From Senator to NJ Supreme Court Chief Justice in Four Months or Less

Newly minted U.S. Senator for the state of New Jersey Jeff Chiesa on Monday joined Sen. Bob Menendez (D) and enough Republicans to reauthorize the agriculture program. He joined some Republicans (but not Sen. Menendez) in opposing a pilot program for internet projects in rural areas. On Tuesday, he joined Sen. Menendez and many Republicans to vote against invoking cloture on the comprehensive immigration bill. He then voted again with Senator Menendez and many Republicans to proceed to the immigration bill. In all cases, he was within a Republican comfort zone. A key question is how he will vote on a final immigration package. It seems unlikely he will deviate substantially from positions favored by the Governor and Republicans in general.

When he leaves the Senate this fall — when a special election to replace the late Sen. Frank Lautenberg will end his four-month run after being appointed by Gov. Chris Christie — Chiesa has many options, including returning to the administration. He could also join a law practice bringing with him his high-power connections and experience in government. An intriguing possibility — if Chiesa is interested — is that Gov. Christie might nominate him to the N.J. Supreme Court. With his level of experience, gravitas, record and respect, a Democratic Senate would have a hard time denying him the position. An even more more intriguing possibility is that the Governor might soon nominate Chiesa to be Chief Justice.

Under New Jersey's revised 1947 Constitution, new state Supreme Court Justices initially serve a seven-year term and then can be reappointed and attain tenure. (There is also a mandatory retirement age at 70.) Stuart Rabner is the current Chief Justice, appointed by Governor Jon Corzine in 2007. His term expires on June 29, 2014. Until 2010, every Justice appointed under this system had been subsequently granted life tenure. Nonetheless, in 2010, the Governor declined to re-appoint Supreme Court Justice John Wallace. The Governor did not assert any lack of "good behavior." Rather, he claimed it was his prerogative to re-appoint, and he said he wished to have someone else more in tune with his philosophy.

The state senate, led by President Steve Sweeney, was so offended by the Governor's blatant politics and disrespect toward an accomplished jurist that it refused to hold a hearing on the Governor's intended replacement until Justice Wallace's normal retirement in March 2012.
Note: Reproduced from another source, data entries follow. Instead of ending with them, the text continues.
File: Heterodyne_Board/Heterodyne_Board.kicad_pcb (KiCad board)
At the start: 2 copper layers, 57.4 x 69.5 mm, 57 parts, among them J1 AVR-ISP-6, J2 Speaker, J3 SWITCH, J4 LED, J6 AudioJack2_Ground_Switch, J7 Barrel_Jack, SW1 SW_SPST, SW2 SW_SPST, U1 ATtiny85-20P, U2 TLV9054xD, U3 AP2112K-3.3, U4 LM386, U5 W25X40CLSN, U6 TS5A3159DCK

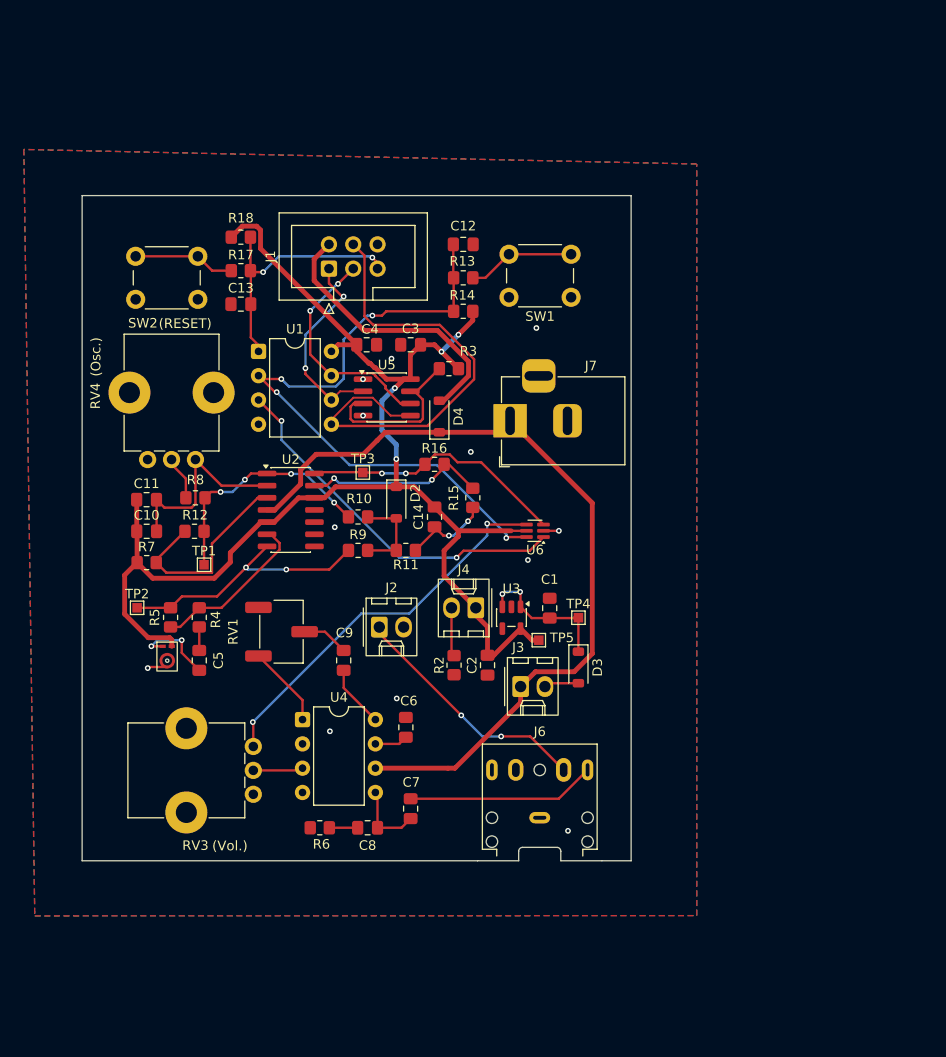
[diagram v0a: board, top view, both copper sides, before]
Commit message: Board round 2 complete, GBRs sent
Also removed some of the automatic backups cuz they weren't necessary. Made discrete footprint for microphone
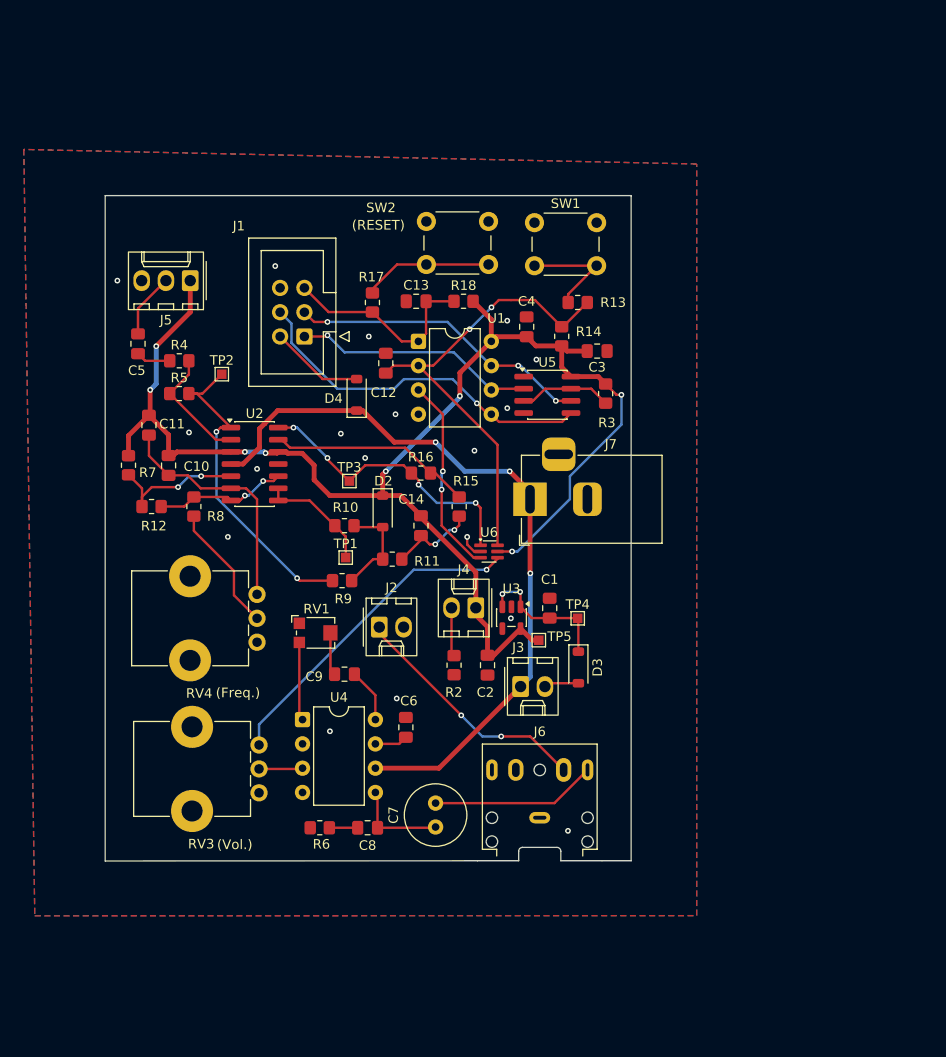
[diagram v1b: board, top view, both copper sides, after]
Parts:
- removed MK1: Microphone, Sensor_Audio:Knowles_LGA-5_3.5x2.65mm
- added J5: Microphone, Connector_Molex:Molex_KK-254_AE-6410-03A_1x03_P2.54mm_Vertical, F.Cu at (148.0, 69.3)
- C7: footprint Capacitor_SMD:C_0805_2012Metric_Pad1.18x1.45mm_HandSolder -> Capacitor_THT:C_Radial_D6.3mm_H11.0mm_P2.50mm
- RV1: footprint Potentiometer_SMD:Potentiometer_Bourns_3269W_Vertical -> Potentiometer_SMD:Potentiometer_Bourns_TC33X_Vertical
- SW1, SW2: footprint Button_Switch_THT:SW_PUSH_6mm_H13mm -> Button_Switch_THT:SW_PUSH_6mm_H5mm
- moved C5 33.7 mm to (142.5, 75.9), turned to -90 degrees
- moved R4 26.9 mm to (146.8, 77.7), turned to 0 degrees
- moved TP2 26.0 mm to (151.3, 79.1)
- moved SW2 25.2 mm to (172.6, 63.2), turned to 0 degrees
- moved R18 24.2 mm to (176.5, 71.5), turned to 0 degrees
- moved R5 23.4 mm to (146.8, 81.2), turned to 0 degrees
- moved C3 19.5 mm to (190.5, 76.7), turned to 180 degrees
- moved C13 18.3 mm to (171.6, 71.5)
- moved C4 16.8 mm to (183.1, 74.2), turned to -90 degrees
- moved U5 16.8 mm to (185.3, 81.3)
- moved U1 16.8 mm to (171.8, 75.7)
- moved R3 16.6 mm to (191.4, 81.2), turned to -90 degrees
- moved RV4 15.5 mm to (154.9, 102.1), turned to 180 degrees
- moved C12 14.8 mm to (168.4, 78.0), turned to -90 degrees
- moved TP1 14.8 mm to (164.2, 98.3)
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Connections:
- C10 pad 2: Net-(U2A--) -> Net-(U2B--)
- C11 pad 2: Net-(U2A--) -> Net-(U2B--)
- R12 pad 1: Net-(U2A-+) -> Net-(U2B-+)
- R12 pad 2: /Osci_out -> Net-(U2C-+)
- R16 pad 2: /Mixer_Out -> /Mixer_out
- R4 pad 2: Net-(U2B--) -> Net-(U2A--)
- R5 pad 1: Net-(U2B--) -> Net-(U2A--)
- R7 pad 2: Net-(U2A-+) -> Net-(U2B-+)
- R8 pad 1: /Osci_out -> Net-(U2C-+)
- RV4 pad 1: Net-(U2A--) -> Net-(U2B--)
- TP3 pad 1: /Mixer_Out -> /Mixer_out
- U1 pad 3: /MCU_Out -> /MCU_out
- U2 pad 1: /Osci_out -> /Mic_out
- U2 pad 10: unconnected-(U2C-+-Pad10) -> Net-(U2C-+)
- U2 pad 14: /Mixer_Out -> /Mixer_out
- U2 pad 3: Net-(U2A-+) -> +3V3
- U2 pad 5: +3V3 -> Net-(U2B-+)
- U2 pad 7: /Mic_out -> Net-(U2C-+)
- U2 pad 8: unconnected-(U2-Pad8) -> /Osci_out
- U2 pad 9: unconnected-(U2C---Pad9) -> /Osci_out
- U6 pad 1: /MCU_Out -> /Mixer_out
- U6 pad 3: /Mixer_Out -> /MCU_out
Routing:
- net /MCU_Out: track 38.7 -> 0.00 mm, vias 2 -> 0
- net /Mixer_out: track 0.00 -> 30.3 mm, vias 0 -> 4
- net /Mixer_Out: track 27.9 -> 0.00 mm, vias 2 -> 0
- net Net-(U2A-+): track 21.6 -> 0.00 mm
- net /MCU_out: track 0.00 -> 20.8 mm, vias 0 -> 2
- net /Audio_EN: track 69.2 -> 48.6 mm, vias 4 -> 2
- net Net-(D4-A): track 29.7 -> 9.84 mm
- net Net-(U2B-+): track 0.00 -> 15.1 mm, vias 0 -> 2
- net Net-(U2C-+): track 0.00 -> 13.9 mm, vias 0 -> 2
- net /MOSI: track 50.9 -> 37.6 mm, vias 0 -> 1
- net /Osci_out: track 25.0 -> 12.0 mm, vias 4 -> 0
- net +6V: track 86.7 -> 77.8 mm, vias 0 -> 3
- net Net-(R8-Pad2): track 4.62 -> 13.4 mm
- net Net-(U5-~{HOLD}): track 18.2 -> 9.72 mm
- net Net-(U2A--): track 21.1 -> 12.7 mm
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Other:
- board size 57.4 x 69.5 mm -> 55 x 69.6 mm
- board text added: "(Freq.)"
- board text removed: "(Osc.)"

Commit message: Updated PCB
Mounting holes, second ISP header, wider board. Total dimensions about 70x70mm now.
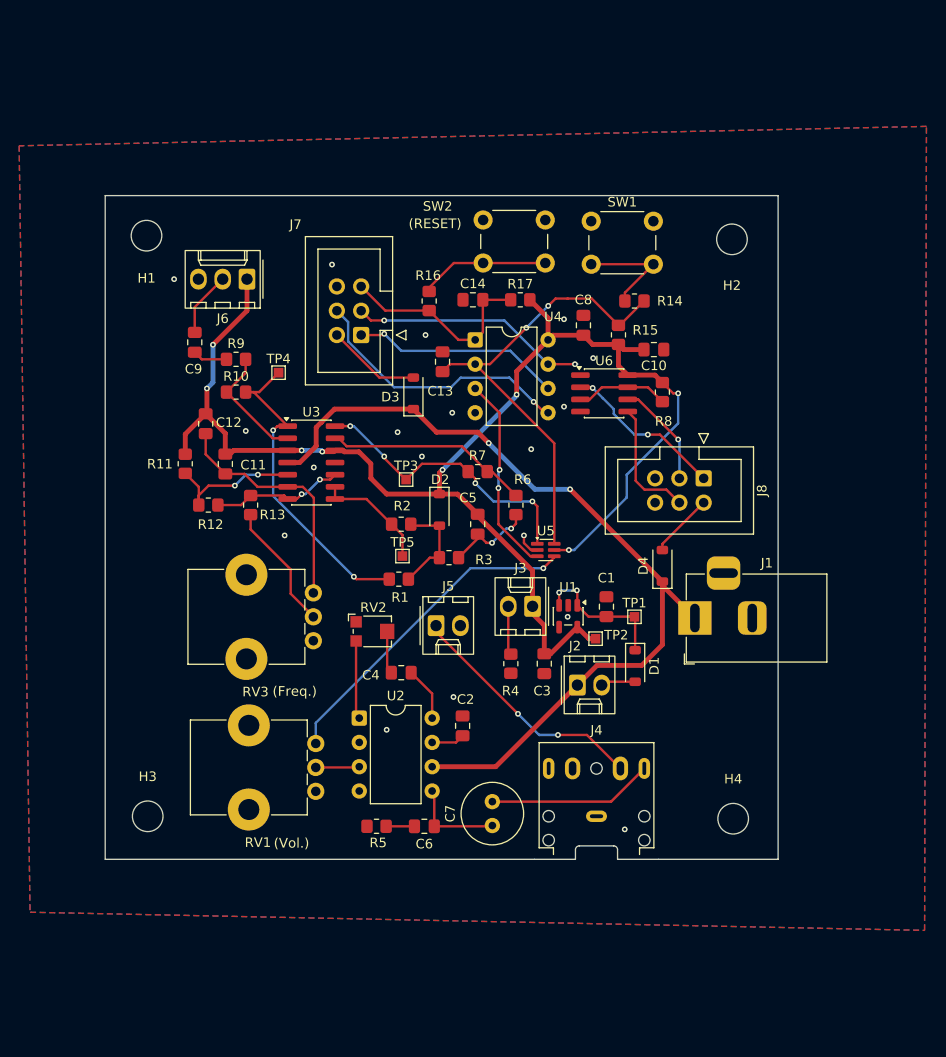
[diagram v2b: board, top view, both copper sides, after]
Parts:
- removed RV4: R_Potentiometer, Potentiometer_THT:Potentiometer_Bourns_PTV09A-1_Single_Vertical
- added D4: Schottky, Diode_SMD:D_SOD-123, F.Cu at (197.3, 99.2)
- added H1: MountingHole, MountingHole:MountingHole_3.2mm_M3, F.Cu at (143.4, 64.6)
- added H2: MountingHole, MountingHole:MountingHole_3.2mm_M3, F.Cu at (204.6, 65.0)
- added H3: MountingHole, MountingHole:MountingHole_3.2mm_M3, F.Cu at (143.5, 125.3)
- added H4: MountingHole, MountingHole:MountingHole_3.2mm_M3, F.Cu at (204.7, 125.6)
- added J8: AVR-ISP-6, Connector_IDC:IDC-Header_2x03_P2.54mm_Vertical, F.Cu at (201.6, 90.0)
- added RV3: R_Potentiometer, Potentiometer_THT:Potentiometer_Bourns_PTV09A-1_Single_Vertical, F.Cu at (160.8, 102.0)
- D1: renamed from D3; value MBR0520 -> Schottky
- D2: value MBR0520 -> Schottky
- D3: renamed from D4; value MBR0520 -> Schottky
- moved J1 21.2 mm to (200.7, 104.6)
- moved C11 5.94 mm to (151.6, 88.5)
- moved C13 5.94 mm to (174.3, 77.8)
- moved C8 5.94 mm to (189.1, 74.0)
- moved C1 5.94 mm to (191.5, 103.4)
- moved C10 5.94 mm to (196.4, 76.6)
- moved C12 5.94 mm to (149.6, 84.3)
- moved C14 5.94 mm to (177.5, 71.3)
- moved C2 5.94 mm to (176.4, 115.9)
- moved C3 5.94 mm to (185.0, 109.4)
- moved C4 5.94 mm to (170.0, 110.3)
- moved C5 5.94 mm to (178.0, 94.8)
- moved C6 5.94 mm to (172.4, 126.4)
- moved C7 5.94 mm to (179.5, 126.3)
- moved C9 5.94 mm to (148.4, 75.8)
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- renumbered C3 to C10, C10 to C11, C11 to C12, C12 to C13, C13 to C14, C6 to C2, C2 to C3, C9 to C4, C14 to C5, C8 to C6, C4 to C8, C5 to C9, J7 to J1, J3 to J2, J4 to J3, J6 to J4, J2 to J5, J5 to J6, J1 to J7, R9 to R1, R5 to R10, R7 to R11, R8 to R13, R13 to R14, R14 to R15, R17 to R16, R18 to R17, R10 to R2, R11 to R3, R2 to R4, R6 to R5, R15 to R6, R16 to R7, R3 to R8, R4 to R9, RV3 to RV1, RV1 to RV2, TP4 to TP1, TP5 to TP2, TP2 to TP4, TP1 to TP5, U3 to U1, U4 to U2, U2 to U3, U1 to U4, U6 to U5, U5 to U6
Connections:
- net /RESET renamed /RESET_MCU
- J7 pad 1: /MISO -> /MISO_MCU
- J7 pad 3: /SCK -> /SCK_MCU
- J7 pad 4: /MOSI -> /MOSI_MCU
- U4 pad 5: /MOSI -> /MOSI_MCU
- U4 pad 6: /MISO -> /MISO_MCU
- U4 pad 7: /SCK -> /SCK_MCU
- U6 pad 2: /MISO -> /MISO_FLASH
- U6 pad 5: /MOSI -> /MOSI_FLASH
- U6 pad 6: /SCK -> /SCK_FLASH
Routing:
- net /MOSI: track 37.6 -> 0.00 mm, vias 1 -> 0
- net /SCK: track 31.7 -> 0.00 mm, vias 3 -> 0
- net /MOSI_MCU: track 0.00 -> 28.5 mm, vias 0 -> 1
- net /MISO: track 25.4 -> 0.00 mm, vias 1 -> 0
- net /SCK_MCU: track 0.00 -> 24.9 mm, vias 0 -> 2
- net /MISO_MCU: track 0.00 -> 22.1 mm, vias 0 -> 1
- net /MISO_FLASH: track 0.00 -> 17.1 mm, vias 0 -> 2
- net +6V: track 77.8 -> 91.3 mm, vias 3 -> 2
- net /MOSI_FLASH: track 0.00 -> 13.1 mm
- net /SCK_FLASH: track 0.00 -> 11.1 mm, vias 0 -> 1
- net Net-(D4-A): track 0.00 -> 6.74 mm
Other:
- board size 55 x 69.6 mm -> 70.4 x 69.4 mm

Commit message: Round 3 PCB upload
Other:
- board text added: "(FLASH)"
- board text added: "(MCU)"
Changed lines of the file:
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@@
 		(tags "Through hole vertical IDC box header THT 2x03 2.54mm double row")
 		(property "Reference" "J8"
-			(at 1.27 -6.1 90)
+			(at -6.322658 -3.718 180)
 			(layer "F.SilkS")
 			(effects
@@
 		(layer "F.SilkS")
 		(effects
+			(font
+				(size 1.016 1.016)
+				(thickness 0.1524)
+			)
+			(justify left bottom)
+		)
+	)
+	(gr_text "(FLASH)"
+		(at 202.565 85.852 0)
+		(layer "F.SilkS")
+		(effects
+			(font
+				(size 1.016 1.016)
+				(thickness 0.1524)
+			)
+			(justify left bottom)
+		)
+	)
+	(gr_text "(MCU)"
+		(at 160.528 64.008 0)
+		(layer "F.SilkS")
+		(effects

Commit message: FINAL BOARD REV
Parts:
- removed RV2: R_Potentiometer_Trim, Potentiometer_SMD:Potentiometer_Bourns_TC33X_Vertical
- removed RV3: R_Potentiometer, Potentiometer_THT:Potentiometer_Bourns_PTV09A-1_Single_Vertical
- added J10: Frequenciometer, Connector_Molex:Molex_KK-254_AE-6410-03A_1x03_P2.54mm_Vertical, F.Cu at (145.5, 111.5)
- added J11: Audio_EN, Connector_Molex:Molex_KK-254_AE-6410-02A_1x02_P2.54mm_Vertical, F.Cu at (198.0, 68.0)
- added J9: AVR-ISP-6, Connector_PinHeader_2.54mm:PinHeader_2x03_P2.54mm_Vertical, F.Cu at (171.7, 61.0)
- added R18: 470, Resistor_SMD:R_0805_2012Metric_Pad1.20x1.40mm_HandSolder, F.Cu at (167.0, 60.5)
- added R19: 1k, Resistor_SMD:R_0805_2012Metric_Pad1.20x1.40mm_HandSolder, F.Cu at (162.0, 60.5)
- added R20: 1k, Resistor_SMD:R_0805_2012Metric_Pad1.20x1.40mm_HandSolder, F.Cu at (191.0, 69.5)
- added R21: 1k, Resistor_SMD:R_0805_2012Metric_Pad1.20x1.40mm_HandSolder, F.Cu at (200.5, 109.0)
- added R22: 10k, Resistor_SMD:R_0805_2012Metric_Pad1.20x1.40mm_HandSolder, F.Cu at (183.5, 69.5)
- added R23: 10k, Resistor_SMD:R_0805_2012Metric_Pad1.20x1.40mm_HandSolder, F.Cu at (200.5, 112.0)
- added R24: 10k, Resistor_SMD:R_0805_2012Metric_Pad1.20x1.40mm_HandSolder, F.Cu at (185.5, 117.0)
- added R25: 1k, Resistor_SMD:R_0805_2012Metric_Pad1.20x1.40mm_HandSolder, F.Cu at (186.0, 120.5)
- J2: value SWITCH -> Volume; footprint Connector_Molex:Molex_KK-254_AE-6410-02A_1x02_P2.54mm_Vertical -> Connector_Molex:Molex_KK-254_AE-6410-03A_1x03_P2.54mm_Vertical
- J3: value LED -> SWITCH
- J4: value AudioJack2_Ground_Switch -> LED; footprint Connector_Audio:Jack_3.5mm_CUI_SJ1-3525N_Horizontal -> Connector_Molex:Molex_KK-254_AE-6410-02A_1x02_P2.54mm_Vertical
- J5: value Speaker -> AudioJack2_Ground_Switch; footprint Connector_Molex:Molex_KK-254_AE-6410-02A_1x02_P2.54mm_Vertical -> Connector_Audio:Jack_3.5mm_CUI_SJ1-3525N_Horizontal
- J6: value Microphone -> Speaker; footprint Connector_Molex:Molex_KK-254_AE-6410-03A_1x03_P2.54mm_Vertical -> Connector_Molex:Molex_KK-254_AE-6410-02A_1x02_P2.54mm_Vertical
- J7: value AVR-ISP-6 -> Microphone; footprint Connector_IDC:IDC-Header_2x03_P2.54mm_Vertical -> Connector_Molex:Molex_KK-254_AE-6410-03A_1x03_P2.54mm_Vertical
- R12, R16: value 1k -> 470
- R13: value 100 -> 1k
- R15: value 10k -> 100
- R17: value 10k -> 1k
- RV1: value R_Potentiometer -> R_Potentiometer_Trim; footprint Potentiometer_THT:Potentiometer_Bourns_PTV09A-1_Single_Vertical -> Potentiometer_SMD:Potentiometer_Bourns_TC33X_Vertical
- SW1, SW2: value SW_SPST -> SW_SPDT; footprint Button_Switch_THT:SW_PUSH_6mm_H5mm -> Button_Switch_THT:SW_Slide_SPDT_Straight_CK_OS102011MS2Q
- U6: value W25X40CLSN -> SST25VF080B; footprint Package_SO:SOIC-8_3.9x4.9mm_P1.27mm -> Package_DIP:DIP-8_W7.62mm
- moved J4 67.7 mm to (158.8, 65.5), turned to 180 degrees
- moved J6 66.7 mm to (195.3, 121.5)
- moved R14 60.4 mm to (152.5, 115.0)
- moved J1 59.0 mm to (148.0, 78.0), turned to 0 degrees
- moved D1 54.4 mm to (154.2, 73.0), turned to 90 degrees
- moved R15 49.0 mm to (160.0, 111.5), turned to 180 degrees
- moved TP1 48.0 mm to (154.3, 78.2), turned to 180 degrees
- moved C14 46.9 mm to (205.5, 109.0), turned to 180 degrees
- moved TP2 44.4 mm to (158.4, 75.9), turned to 180 degrees
- moved C1 41.9 mm to (157.2, 79.2), turned to -90 degrees
- moved C3 41.9 mm to (163.7, 73.3), turned to 90 degrees
- moved D4 41.9 mm to (178.0, 62.0)
- moved SW1 41.3 mm to (201.5, 102.8)
- moved R4 38.8 mm to (167.2, 73.3), turned to 90 degrees
- moved J5 37.1 mm to (194.0, 136.5)
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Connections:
- C13 pad 2: /Audio_EN -> /CANS
- C14 pad 2: /RESET_MCU -> /RESET
- C9 pad 1: Net-(J6-Pin_2) -> Net-(J7-Pin_2)
- D4 pad 1: +6V -> +3V3
- J2 pad 1: +6V -> GND
- J2 pad 2: Net-(D1-A) -> Net-(J2-Pin_2)
- J3 pad 1: +3V3 -> +6V
- J3 pad 2: Net-(J3-Pin_2) -> Net-(D1-A)
- J6 pad 1: +3V3 -> Net-(J6-Pin_1)
- J6 pad 2: Net-(J6-Pin_2) -> GND
- J7 pad 1: /MISO_MCU -> +3V3
- J7 pad 2: Net-(D3-A) -> Net-(J7-Pin_2)
- J7 pad 3: /SCK_MCU -> GND
- J8 pad 1: /MISO_FLASH -> /MISO
- J8 pad 2: Net-(D4-A) -> Net-(D3-A)
- J8 pad 3: /SCK_FLASH -> /SCK
- J8 pad 4: /MOSI_FLASH -> /MOSI
- J8 pad 5: unconnected-(J8-~{RST}-Pad5) -> /RESET
- R12 pad 1: Net-(U3B-+) -> Net-(J9-~{RST})
- R12 pad 2: Net-(U3C-+) -> /CANS
- R13 pad 1: Net-(U3C-+) -> GND
- R13 pad 2: Net-(R13-Pad2) -> /CANS
- R14 pad 1: Net-(SW1-B) -> Net-(U3B-+)
- R14 pad 2: /Audio_EN -> Net-(U3C-+)
- R15 pad 1: /Audio_EN -> Net-(U3C-+)
- R15 pad 2: +3V3 -> Net-(J10-Pin_2)
- R16 pad 1: Net-(SW2-B) -> Net-(J9-SCK)
- R16 pad 2: /RESET_MCU -> /SCK
- R17 pad 1: /RESET_MCU -> GND
- R17 pad 2: +3V3 -> /SCK
- R4 pad 1: Net-(J3-Pin_2) -> Net-(J4-Pin_2)
- RV1 pad 1: /Speaker_in -> unconnected-(RV1-Pad1)
- RV1 pad 2: Net-(U2-+) -> Net-(C4-Pad2)
- RV1 pad 3: GND -> Net-(RV1-Pad3)
- SW1 pad 1: GND -> Net-(SW1-A)
- SW1 pad 2: Net-(SW1-B) -> GND
- SW2 pad 1: GND -> Net-(J11-Pin_2)
- SW2 pad 2: Net-(SW2-B) -> GND
- U2 pad 1: Net-(RV2-Pad3) -> Net-(RV1-Pad3)
- U2 pad 3: Net-(U2-+) -> Net-(J2-Pin_2)
- U4 pad 1: /RESET_MCU -> /RESET
- U4 pad 2: /Audio_EN -> /CANS
- U4 pad 5: /MOSI_MCU -> /MOSI
- U4 pad 6: /MISO_MCU -> /MISO
- U4 pad 7: /SCK_MCU -> /SCK
- U5 pad 3: /MCU_out -> Net-(R24-Pad2)
- U5 pad 6: /Audio_EN -> /CANS
- U6 pad 1: GND -> /CANS
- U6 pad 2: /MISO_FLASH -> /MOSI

Following the dubious precedent the Governor set with Justice Wallace, he could choose to deny Chief Justice Rabner tenure and nominate current Senator Chiesa as Chief Justice on or after June 30, 2014. A Democratic senate would once again be infuriated. However, the Supreme Court is short two Justices now, and the Governor's replacement nominees include one Republican and one avowed Independent — who nonetheless was recently appointed to another position by the Governor.

With Christie as governor, a Republican Senate would be a portal to assure a Republican Supreme Court and one possibly led by a Republican Chief Justice. What a difference an election can make.